2. The question-answering method based on the combination of semantic analysis and vector modeling realizes multiple rounds of question-answering by using slot inheritance and intention inheritance.
3. According to the question-answering method based on the combination of semantic analysis and vector modeling, the accuracy of answers is improved by means of meaning induction and semantic slot design, and the coverage rate of the answers is improved by combining sub-graph recall on the basis.
Drawings
FIG. 1 is a flow chart of a question-answering method based on the combination of semantic parsing and vector modeling;
FIG. 2 is a BERT-BiLSTM-CRF model diagram;
FIG. 3 is a BERT-TextCNN intent recognition model;
FIG. 4 is a frame diagram based on vector modeling.
Detailed Description
The technical solutions in the embodiments of the present invention will be clearly and completely described below with reference to the accompanying drawings in the embodiments of the present invention.
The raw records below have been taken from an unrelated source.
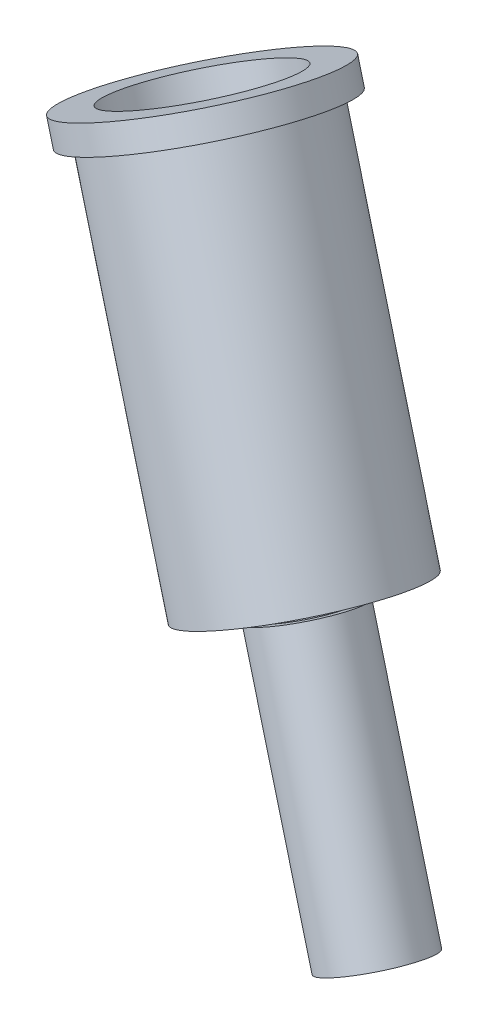
from build123d import *

# Parameters (mm, degrees)
SKETCH1_R           = 11.43
BOSS_EXTRUDE1_DEPTH = 2.54
SKETCH2_R           = 9.9949
BOSS_EXTRUDE2_DEPTH = 35.56
SKETCH3_R           = 3.81
BOSS_EXTRUDE3_DEPTH = 1.016
SKETCH4_R           = 4.7625
BOSS_EXTRUDE4_DEPTH = 26.02818833
SKETCH5_R           = 3.175
CUT_EXTRUDE1_DEPTH  = 90.027624948
SKETCH6_R           = 7.9375
CUT_EXTRUDE2_DEPTH  = 22.86


with BuildPart() as part:
    # Sketch1 → Boss-Extrude1 (new body)
    with BuildSketch(Plane(origin=(-129.203450499, 253.122013832, -50.271342949), x_dir=(0.8839119577418659, 0.40461078724322996, -0.23449895907520743), z_dir=(-0.4476862825736014, 0.8770605813697528, -0.1741887740435096))):
        with Locations((-31.085661697, -28.519102589)):
            Circle(SKETCH1_R)
    extrude(amount=BOSS_EXTRUDE1_DEPTH)

    # Sketch2 → Boss-Extrude2 (add)
    with BuildSketch(Plane(origin=(-129.203450499, 253.122013832, -50.271342949), x_dir=(-0.8839119577418658, -0.4046107872432301, 0.23449895907520704), z_dir=(0.44768628257360144, -0.8770605813697528, 0.17418877404350955))):
        with Locations((31.085661697, -28.519102589)):
            Circle(SKETCH2_R)
    extrude(amount=BOSS_EXTRUDE2_DEPTH)

    # Sketch3 → Boss-Extrude3 (add)
    with BuildSketch(Plane(origin=(-113.283726291, 221.933739558, -44.077190144), x_dir=(-0.8839119577418658, -0.40461078724323, 0.2344989590752073), z_dir=(0.44768628257360144, -0.8770605813697528, 0.17418877404350946))):
        with Locations((31.085661697, -28.519102589)):
            Circle(SKETCH3_R)
    extrude(amount=BOSS_EXTRUDE3_DEPTH)

    # Sketch4 → Boss-Extrude4 (add)
    with BuildSketch(Plane(origin=(-112.828877028, 221.042646008, -43.900214349), x_dir=(-0.8839119577418657, -0.40461078724322985, 0.23449895907520799), z_dir=(0.4476862825736014, -0.8770605813697527, 0.1741887740435095))):
        with Locations((31.085661697, -28.519102589)):
            Circle(SKETCH4_R)
    extrude(amount=BOSS_EXTRUDE4_DEPTH)

    # Sketch5 → Cut-Extrude1 (cut, through all)
    with BuildSketch(Plane(origin=(-130.340573657, 255.349747708, -50.713782435), x_dir=(0.8839119577418658, 0.40461078724323, -0.2344989590752073), z_dir=(-0.4476862825736014, 0.8770605813697528, -0.1741887740435095))):
        with Locations((-31.085661697, -28.519102589)):
            Circle(SKETCH5_R)
    extrude(amount=-CUT_EXTRUDE1_DEPTH, mode=Mode.SUBTRACT)

    # Sketch6 → Cut-Extrude2 (cut)
    with BuildSketch(Plane(origin=(-130.340573657, 255.349747708, -50.713782435), x_dir=(0.8839119577418658, 0.40461078724323, -0.2344989590752073), z_dir=(-0.4476862825736014, 0.8770605813697528, -0.1741887740435095))):
        with Locations((-31.085661697, -28.519102589)):
            Circle(SKETCH6_R)
    extrude(amount=-CUT_EXTRUDE2_DEPTH, mode=Mode.SUBTRACT)


solid = part.part
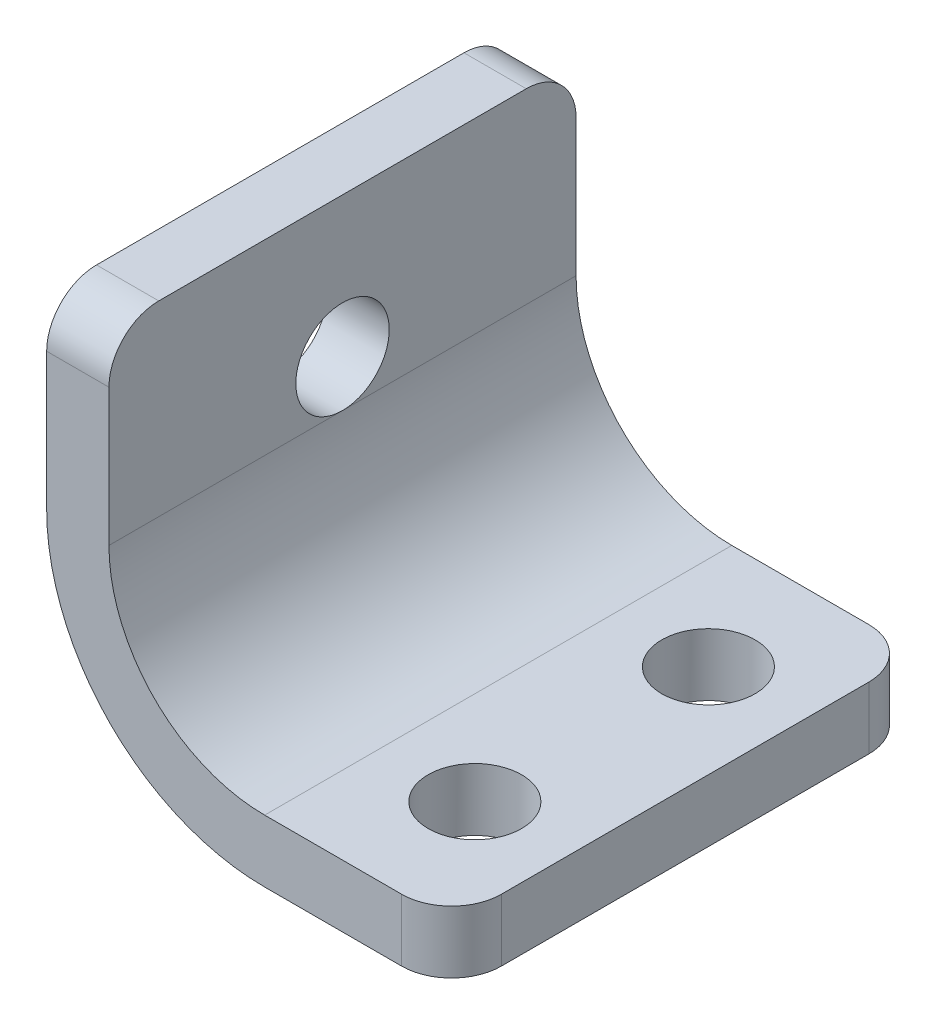
from build123d import *

# Parameters (mm, degrees)
BOSS_EXTRUDE1_DEPTH = 23.8125
FILLET1_R           = 2.54
CUT_EXTRUDE2_REACH  = 36.306
SKETCH3_R           = 2.38125
CUT_EXTRUDE3_REACH  = 39.134


with BuildPart() as part:
    # Sketch1 → Boss-Extrude1 (new body)
    with BuildSketch(Plane.XY):
        with BuildLine():
            Line((0, 22.515786623), (0, 12.990786623))
            ThreePointArc((0, 12.990786623), (2.324839924, 7.378126548), (7.9375, 5.053286623))
            Line((7.9375, 5.053286623), (17.4625, 5.053286623))
            Line((17.4625, 5.053286623), (17.4625, 1.878286623))
            Line((17.4625, 1.878286623), (7.9375, 1.878286623))
            ThreePointArc((7.9375, 1.878286623), (0.079775894, 5.133062518), (-3.175, 12.990786623))
            Line((-3.175, 12.990786623), (-3.175, 22.515786623))
            Line((-3.175, 22.515786623), (0, 22.515786623))
        make_face()
    extrude(amount=BOSS_EXTRUDE1_DEPTH)

    # Fillet1
    fillet1_edges = [part.edges().sort_by_distance(p)[0] for p in [
        (17.4625, 3.465786623, 23.8125),
        (17.4625, 3.465786623, 0),
        (-1.5875, 22.515786623, 23.8125),
        (-1.5875, 22.515786623, 0),
    ]]
    fillet(fillet1_edges, radius=FILLET1_R)

    # Sketch3 → Cut-Extrude2 (cut, up to next)
    with BuildSketch(Plane(origin=(0, 5.053286623, 0), x_dir=(1, 0, 0), z_dir=(0, 1, 0)), mode=Mode.PRIVATE) as cut_extrude2_sk1:
        with Locations((12.7, -17.859375)):
            Circle(SKETCH3_R)
    cut_extrude2_tool1 = extrude(cut_extrude2_sk1.sketch, amount=-CUT_EXTRUDE2_REACH, mode=Mode.PRIVATE) & part.part
    # Sketch3 → Cut-Extrude2 (cut, up to next)
    with BuildSketch(Plane(origin=(0, 5.053286623, 0), x_dir=(1, 0, 0), z_dir=(0, 1, 0)), mode=Mode.PRIVATE) as cut_extrude2_sk2:
        with Locations((12.7, -5.953125)):
            Circle(SKETCH3_R)
    cut_extrude2_tool2 = extrude(cut_extrude2_sk2.sketch, amount=-CUT_EXTRUDE2_REACH, mode=Mode.PRIVATE) & part.part
    add(cut_extrude2_tool1.solids().sort_by_distance((12.7, 5.053287, 17.859375))[0], mode=Mode.SUBTRACT)
    add(cut_extrude2_tool2.solids().sort_by_distance((12.7, 5.053287, 5.953125))[0], mode=Mode.SUBTRACT)

    # Sketch5 → Cut-Extrude3 (cut, up to next)
    with BuildSketch(Plane(origin=(0, 0, 0), x_dir=(0, 0, -1), z_dir=(1, 0, 0)), mode=Mode.PRIVATE) as cut_extrude3_sk1:
        with BuildLine():
            ThreePointArc((-9.525, 15.372036623), (-13.590048023, 17.055834646), (-11.90625, 12.990786623))
            ThreePointArc((-11.90625, 12.990786623), (-10.222451977, 13.688238601), (-9.525, 15.372036623))
        make_face()
    cut_extrude3_tool1 = extrude(cut_extrude3_sk1.sketch, amount=-CUT_EXTRUDE3_REACH, mode=Mode.PRIVATE) & part.part
    add(cut_extrude3_tool1.solids().sort_by_distance((0, 15.372037, 11.90625))[0], mode=Mode.SUBTRACT)


solid = part.part
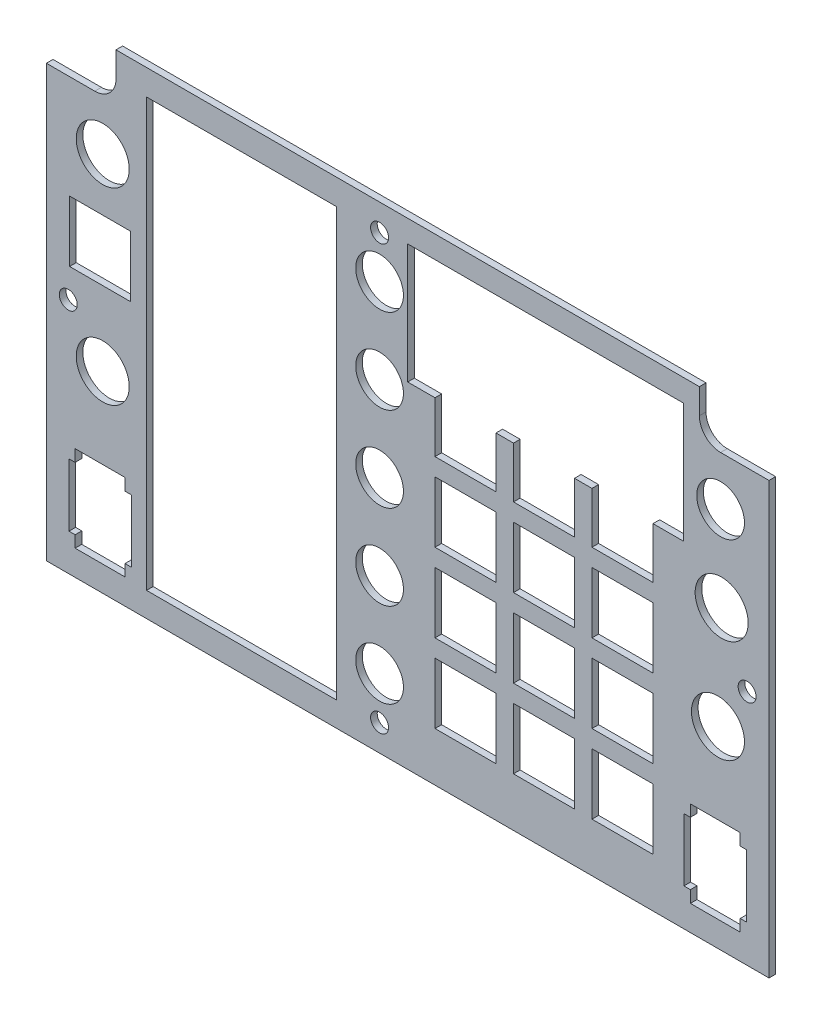
from build123d import *

# Parameters (mm, degrees)
BOSS_EXTRUDE1_DEPTH   = 1.5875
SKETCH2_R             = 6.35
SKETCH2_R_2           = 5.715
SKETCH2_W             = 14.605
SKETCH2_H             = 14.605
SKETCH2_W_2           = 45.462
SKETCH2_H_2           = 102.32
CUT_EXTRUDE1_DEPTH    = 202.151445736
F_6_CLEARANCE_HOLE2_D = 4.3053


with BuildPart() as part:
    # Sketch1 → Boss-Extrude1 (new body)
    with BuildSketch(Plane.XY):
        with BuildLine():
            Line((58.206752076, 169.534029068), (58.206752076, 175.566529068))
            Line((58.206752076, 175.566529068), (-81.493247924, 175.566529068))
            Line((-81.493247924, 175.566529068), (-81.493247924, 169.534029068))
            ThreePointArc((-81.493247924, 169.534029068), (-82.981145475, 165.941926619), (-86.573247924, 164.454029068))
            Line((-86.573247924, 164.454029068), (-98.161997924, 164.454029068))
            Line((-98.161997924, 164.454029068), (-98.161997924, 61.266529068))
            Line((-98.161997924, 61.266529068), (74.875502076, 61.266529068))
            Line((74.875502076, 61.266529068), (74.875502076, 164.454029068))
            Line((74.875502076, 164.454029068), (63.286752076, 164.454029068))
            ThreePointArc((63.286752076, 164.454029068), (59.694649628, 165.941926619), (58.206752076, 169.534029068))
        make_face()
    extrude(amount=BOSS_EXTRUDE1_DEPTH)

    # Sketch2 → Cut-Extrude1 (cut, through all)
    with BuildSketch(Plane.XY.offset(1.5875)):
        with Locations((-84.668247924, 152.389029068)):
            Circle(SKETCH2_R)
        with Locations((-84.668247924, 107.304029068)):
            Circle(SKETCH2_R)
        with Locations((63.540752076, 132.386529068)):
            Circle(SKETCH2_R)
        with Locations((62.651752076, 107.304029068)):
            Circle(SKETCH2_R)
        with Locations((-18.374247924, 77.776529068)):
            Circle(SKETCH2_R_2)
        with Locations((-18.374247924, 98.096529068)):
            Circle(SKETCH2_R_2)
        with Locations((-18.374247924, 118.416529068)):
            Circle(SKETCH2_R_2)
        with Locations((-18.374247924, 138.736529068)):
            Circle(SKETCH2_R_2)
        with Locations((-18.374247924, 159.056529068)):
            Circle(SKETCH2_R_2)
        with Locations((63.286752076, 152.706529068)):
            Circle(SKETCH2_R_2)
        Polygon((67.986752076, 85.173806769), (67.986752076, 87.969529068), (56.046752076, 87.969529068), (56.046752076, 85.173806769), (54.504967043, 85.173806769), (54.504967043, 70.173806769), (56.046752076, 70.173806769), (56.046752076, 67.329529068), (67.986752076, 67.329529068), (67.986752076, 70.173806769), (69.504967043, 70.173806769), (69.504967043, 85.173806769), align=None)
        with Locations((39.791752076, 80.316529068)):
            Rectangle(SKETCH2_W, SKETCH2_H)
        with Locations((39.791752076, 99.112529068)):
            Rectangle(SKETCH2_W, SKETCH2_H)
        with Locations((39.791752076, 117.908529068)):
            Rectangle(SKETCH2_W, SKETCH2_H)
        with Locations((20.995752076, 80.316529068)):
            Rectangle(SKETCH2_W, SKETCH2_H)
        Polygon((32.489252076, 141.609529068), (32.489252076, 129.402029068), (47.094252076, 129.402029068), (47.094252076, 141.609529068), (54.396752076, 141.609529068), (54.396752076, 170.249529068), (-11.643247924, 170.249529068), (-11.643247924, 141.609529068), (-5.102747924, 141.609529068), (-5.102747924, 129.402029068), (9.502252076, 129.402029068), (9.502252076, 141.609529068), (13.693252076, 141.609529068), (13.693252076, 129.402029068), (28.298252076, 129.402029068), (28.298252076, 141.609529068), align=None)
        with Locations((20.995752076, 99.112529068)):
            Rectangle(SKETCH2_W, SKETCH2_H)
        with Locations((20.995752076, 117.908529068)):
            Rectangle(SKETCH2_W, SKETCH2_H)
        with Locations((2.199752076, 117.908529068)):
            Rectangle(SKETCH2_W, SKETCH2_H)
        with Locations((2.199752076, 99.112529068)):
            Rectangle(SKETCH2_W, SKETCH2_H)
        with Locations((2.199752076, 80.316529068)):
            Rectangle(SKETCH2_W, SKETCH2_H)
        with Locations((-85.303247924, 132.386529068)):
            Rectangle(SKETCH2_W, SKETCH2_H)
        with Locations((-51.442247924, 118.289529068)):
            Rectangle(SKETCH2_W_2, SKETCH2_H_2)
        Polygon((-79.333247924, 85.116484212), (-79.333247924, 87.969529068), (-91.273247924, 87.969529068), (-91.273247924, 85.116484212), (-92.755785181, 85.116484212), (-92.755785181, 70.116484212), (-91.273247924, 70.116484212), (-91.273247924, 67.329529068), (-79.333247924, 67.329529068), (-79.333247924, 70.116484212), (-77.755785181, 70.116484212), (-77.755785181, 85.116484212), align=None)
    extrude(amount=-CUT_EXTRUDE1_DEPTH, mode=Mode.SUBTRACT)

    # #6 Clearance Hole2 (through all)
    with Locations(Plane(origin=(-11.643247924, -6.662700632, -3.175), x_dir=(-1, 0, 0), z_dir=(0, 0, -1))):
        with Locations((-81.28, 124.6982297), (6.731, 175.8792297), (81.28, 124.6982297), (6.731, 74.2792297)):
            Hole(F_6_CLEARANCE_HOLE2_D / 2)


solid = part.part

As shown in fig. 1, a question-answering method based on combination of semantic analysis and vector modeling includes:
Step 1, preprocessing a question input by a user to obtain a word vector with high quality, obtaining an optimal prediction sequence, and completing named entity recognition of the question to obtain an entity;
Step 2, if the entity identified in the step 1 is not the standard name, the entity chain refers to the unique entity in the knowledge graph, the entity is obtained again, and if the entity identified in the step 1 is the standard name, the entity is used;
Step 3, taking the unique entity obtained in the step 2 as a slot, if the slot of the question is identified as empty, loading the context of the user dialogue, and inheriting the slot saved in the previous dialogue to finish slot filling;
step 4, completing the intention recognition of the question;
Step 5, if the intention recognition is ambiguous, using a pre-designed semantic slot template to reply to the clarification operation to confirm the intention, and jumping to the step 6 if the intention is correct and jumping to the step 7 if the intention is incorrect;
step 6, according to the entity and intention of the question, finishing answer inquiry through a knowledge graph inquiry language;
Step 7, if the identified intention is not in the preset intention range, inquiring a plurality of triples associated with the entity according to the entity identified in the step 2 to complete sub-picture recall of the entity;
and 8, respectively coding and sequencing the paths of the questions and the subgraphs in the step 7, comparing the sequenced scores, returning the path with the highest score as an answer, skipping the step 6, and returning the answer.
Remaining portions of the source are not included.